A certa altura o padre Javier Bardem, numa das suas homilias, faz um sermão sobre a necessidade de agir, bem ou mal. The man who makes a mistake can repent, but the man who hesitates, who does nothing, who buries his talent in the earth, with him he [Jesus] can do nothing. Malick terá escrito estas palavras e devem ter sido elas que conduziram este recente projecto. To the Wonder (A Essência do Amor, 2012) é o vai ou racha do cinema de Malick, e parece que rachou.
Por entre as informações dos créditos finais aparece-nos a informação de que foram utilizadas imagens captadas no decorrer da rodagem de The Tree of Life. Embora seja talvez apenas um método cosmético, há algo de simbólico na escolha: To the Wonder parece querer capitalizar o sucesso de The Tree of Life (ajudado pela retoma do trabalho com Emmanuel Lubezki que fotografou ambos os filmes – e fotografará os dois novos filmes de Malick que se prevê estrearem ainda este ano) só que actualizando-o e retirando-lhe aquilo que fazia dele grande – a ideia de que com The Tree of Life o cinema acabava, porque se tinha filmado o universo todo e já não sobrava nada. Talvez tenha sido mesmo isso: ao filmar tudo, Malick ficou sem matéria de trabalho e por isso passou a filmar o nada, os vapores, a espuma.
A câmara saltitante de Lubezki/Malick está constantemente a enquadrar os seus actores apenas em fragmentos: uns lábios, um torso, um pescoço fino e umas mãos, um ombro e por ai fora, como se a câmara amputasse os actores. A Malick já pouco lhe interessa o actor (e a personagem – que personagens?) que tem em frente da câmara, interessam-lhe apenas os corpos – mas aos bocados. Já pouco lhe interessa contar uma história, ou construir uma metáfora, ou simplesmente inventar uma montagem paralela entre o seio familiar e o seio cósmico; agora a Malick só lhe interessa filmar os interstícios dessas coisas, os entretantos – To the Wonder parece um filme feito apenas de pillow shots. Por uma vez a tradução de um título original para português não podia ser mais acertada, todo o filme é já apenas uma essência, um perfume (e alguém terá comparado o filme a um anúncio de perfumes estendido por duas horas).

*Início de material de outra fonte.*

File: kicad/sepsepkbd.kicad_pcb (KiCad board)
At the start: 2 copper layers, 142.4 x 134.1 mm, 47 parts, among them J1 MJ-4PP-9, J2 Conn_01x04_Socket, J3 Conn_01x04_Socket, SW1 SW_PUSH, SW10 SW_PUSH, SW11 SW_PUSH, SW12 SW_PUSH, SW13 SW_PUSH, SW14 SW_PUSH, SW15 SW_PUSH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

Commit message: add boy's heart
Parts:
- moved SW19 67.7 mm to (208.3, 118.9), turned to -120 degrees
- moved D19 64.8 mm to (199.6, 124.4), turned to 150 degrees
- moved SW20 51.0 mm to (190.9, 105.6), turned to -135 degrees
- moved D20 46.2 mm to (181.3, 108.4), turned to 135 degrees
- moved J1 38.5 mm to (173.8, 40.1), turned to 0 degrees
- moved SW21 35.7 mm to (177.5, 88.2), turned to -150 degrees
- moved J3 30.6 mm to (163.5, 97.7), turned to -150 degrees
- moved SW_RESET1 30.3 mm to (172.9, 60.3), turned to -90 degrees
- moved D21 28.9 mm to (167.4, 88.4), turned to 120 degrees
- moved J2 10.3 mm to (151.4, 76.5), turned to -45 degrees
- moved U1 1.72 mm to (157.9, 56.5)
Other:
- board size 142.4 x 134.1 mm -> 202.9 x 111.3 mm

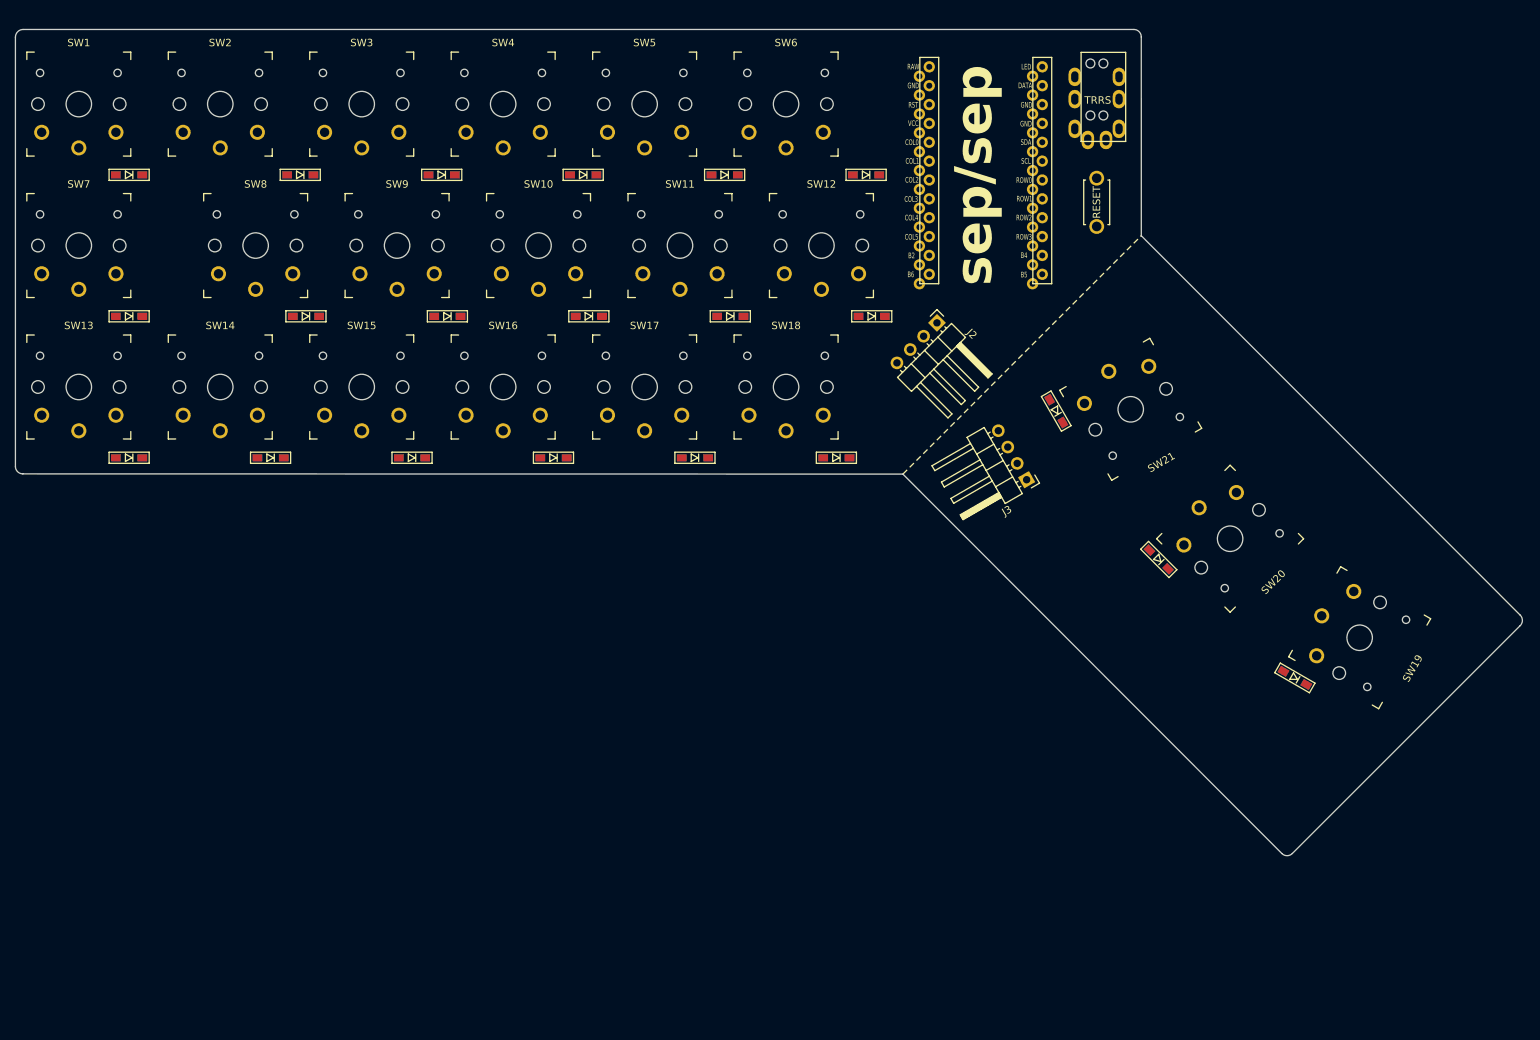
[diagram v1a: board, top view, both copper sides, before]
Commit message: adjust diord position
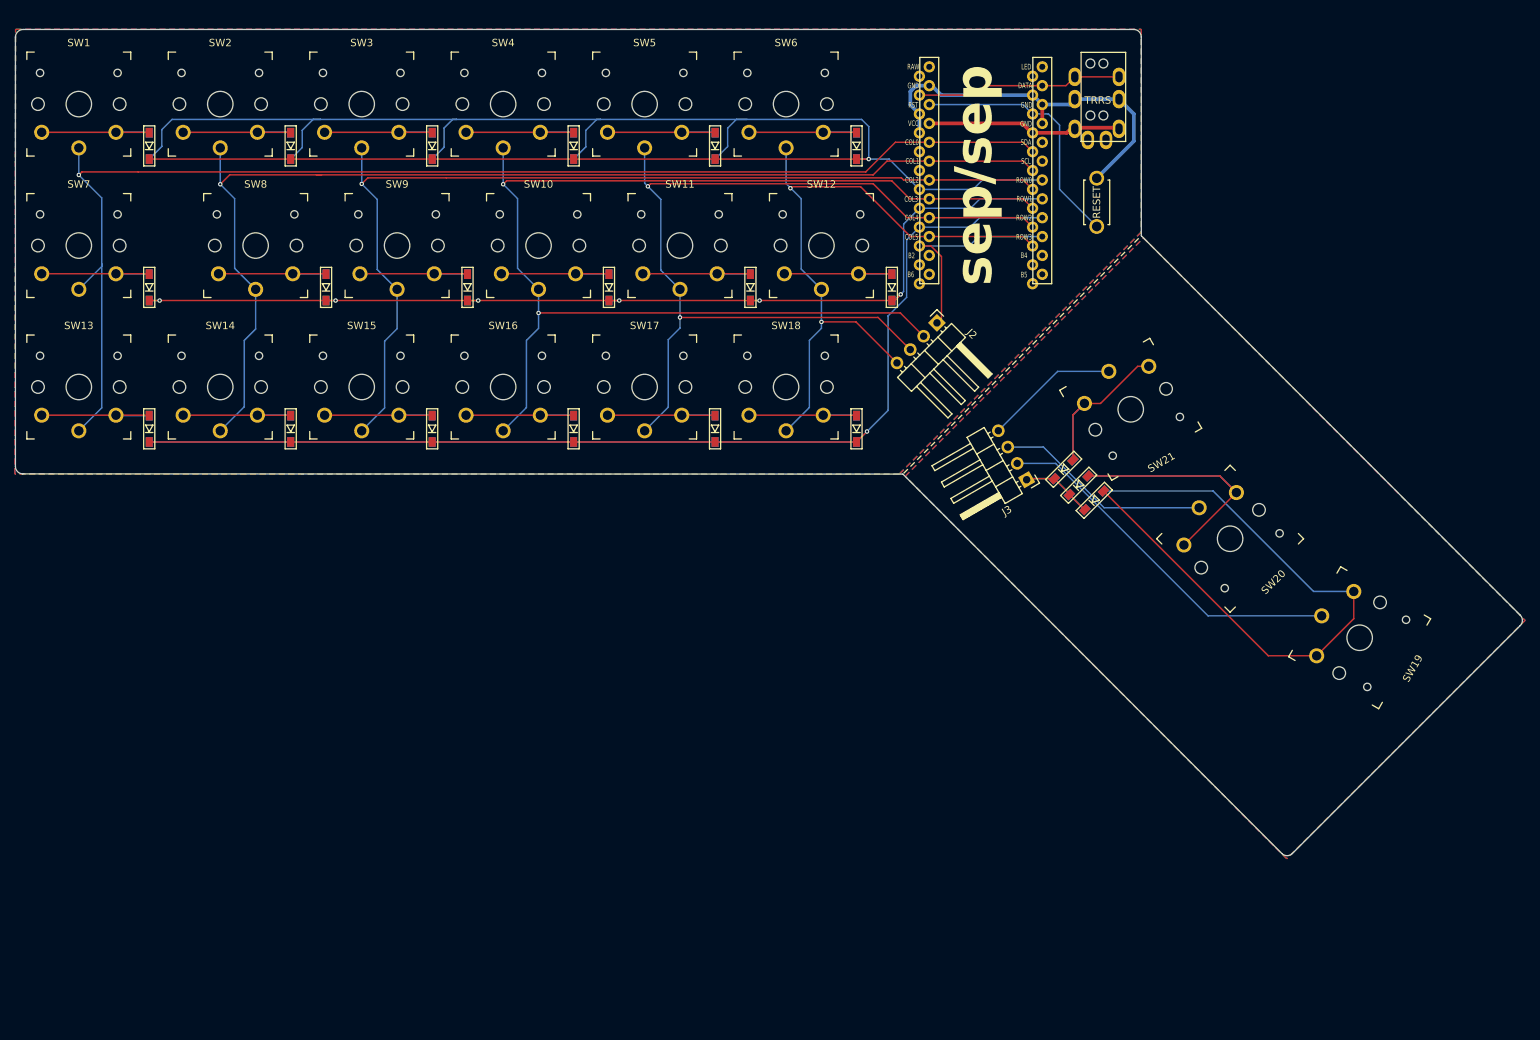
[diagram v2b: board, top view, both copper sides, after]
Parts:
- moved D19 36.1 mm to (172.6, 100.4), turned to 45 degrees
- moved D20 14.7 mm to (170.5, 98.4), turned to 45 degrees
- moved D21 7.90 mm to (168.4, 96.3), turned to 45 degrees
- moved D18 4.75 mm to (140.6, 90.8), turned to 90 degrees
- moved D10 4.75 mm to (107.2, 71.8), turned to 90 degrees
- moved D11 4.75 mm to (126.3, 71.8), turned to 90 degrees
- moved D15 4.75 mm to (83.4, 90.8), turned to 90 degrees
- moved D16 4.75 mm to (102.5, 90.8), turned to 90 degrees
- moved D17 4.75 mm to (121.5, 90.8), turned to 90 degrees
- moved D8 4.75 mm to (69.1, 71.8), turned to 90 degrees
- moved D9 4.75 mm to (88.2, 71.8), turned to 90 degrees
- moved D1 4.75 mm to (45.3, 52.7), turned to 90 degrees
- moved D13 4.75 mm to (45.3, 90.8), turned to 90 degrees
- moved D14 4.75 mm to (64.3, 90.8), turned to 90 degrees
- moved D7 4.75 mm to (45.3, 71.8), turned to 90 degrees
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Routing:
- net row0: track 0.00 -> 259.1 mm, vias 0 -> 1
- net row2: track 0.00 -> 242.0 mm, vias 0 -> 1
- net col0: track 0.00 -> 176.2 mm, vias 0 -> 1
- net col3: track 0.00 -> 168.2 mm, vias 0 -> 2
- net col1: track 0.00 -> 154.0 mm, vias 0 -> 1
- net row1: track 0.00 -> 139.5 mm, vias 0 -> 6
- net col2: track 0.00 -> 133.4 mm, vias 0 -> 1
- net col4: track 0.00 -> 129.2 mm, vias 0 -> 2
- net col5: track 0.00 -> 90.5 mm, vias 0 -> 2
- net Net-(D19-A): track 0.00 -> 87.9 mm
- net GND: track 0.00 -> 51.9 mm
- net Net-(D20-A): track 0.00 -> 51.8 mm
- net Net-(J3-Pin_2): track 0.00 -> 49.5 mm
- net reset: track 0.00 -> 34.4 mm
- net row3: track 0.00 -> 29.8 mm
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- added copper zone on B.Cu, net GND
- added copper zone on F.Cu, net GND

Mas se isto não faz do filme melhor ou pior per se, o que garante é um resultado onde todos os maneirismos de Malick se tornam mais evidentes. Um dos aspectos característicos do cinema do realizador é a filmagem em contra-picados e a constante contra-luz. Mas se nos outros filmes isso podia passar como o choque entre o indivíduo e a natureza (o insignificante homem contra a enorme Natureza luminosa), aqui o que sentimos é uma falsidade em todas essas escolhas. A cada contra-picado sentimos que Malick se rebaixa (numa falsa humildade insuportável) e que a contra-luz só realça (como se a cada enquadramento ele nos estivesse constantemente a dizer que está ofuscado, que não sabe nada, que é um pobre ignorante). Esta posição de aviltamento repetido torna To the Wonder numa insuportável demonstração de falsa modéstia; ele que filmou o universo num gesto definitivo de quem tem todas as repostas ressurge neste filme sem saber nada mais do que as indicações de um qualquer livro de auto-ajuda.
No entanto não se poderá deixar de notar algo que parece significativo no trabalho de Malick, o facto de que este é o seu primeiro filme passado nos dias de hoje. Até agora todos os seus trabalhos eram filmes de época (industrialização, renascentismo, anos 50), neste, pela primeira vez, retrata-se a actualidade descrevendo o desemprego na Europa, a poluição causada pela extracção de petróleo, a emigração ilegal, a pobreza e exclusão social no Estados Unidos. E talvez seja daí que surge o melhor do filme; ao conhecer os bairros pobres e filmando cada pessoa com o panteísta olhar malickiano, ele encontra nos excomungados da sociedade um desejo documental que talvez seja a alternativa para o cinema do realizador – porque aí não poderá ele filmar reclames a perfumes.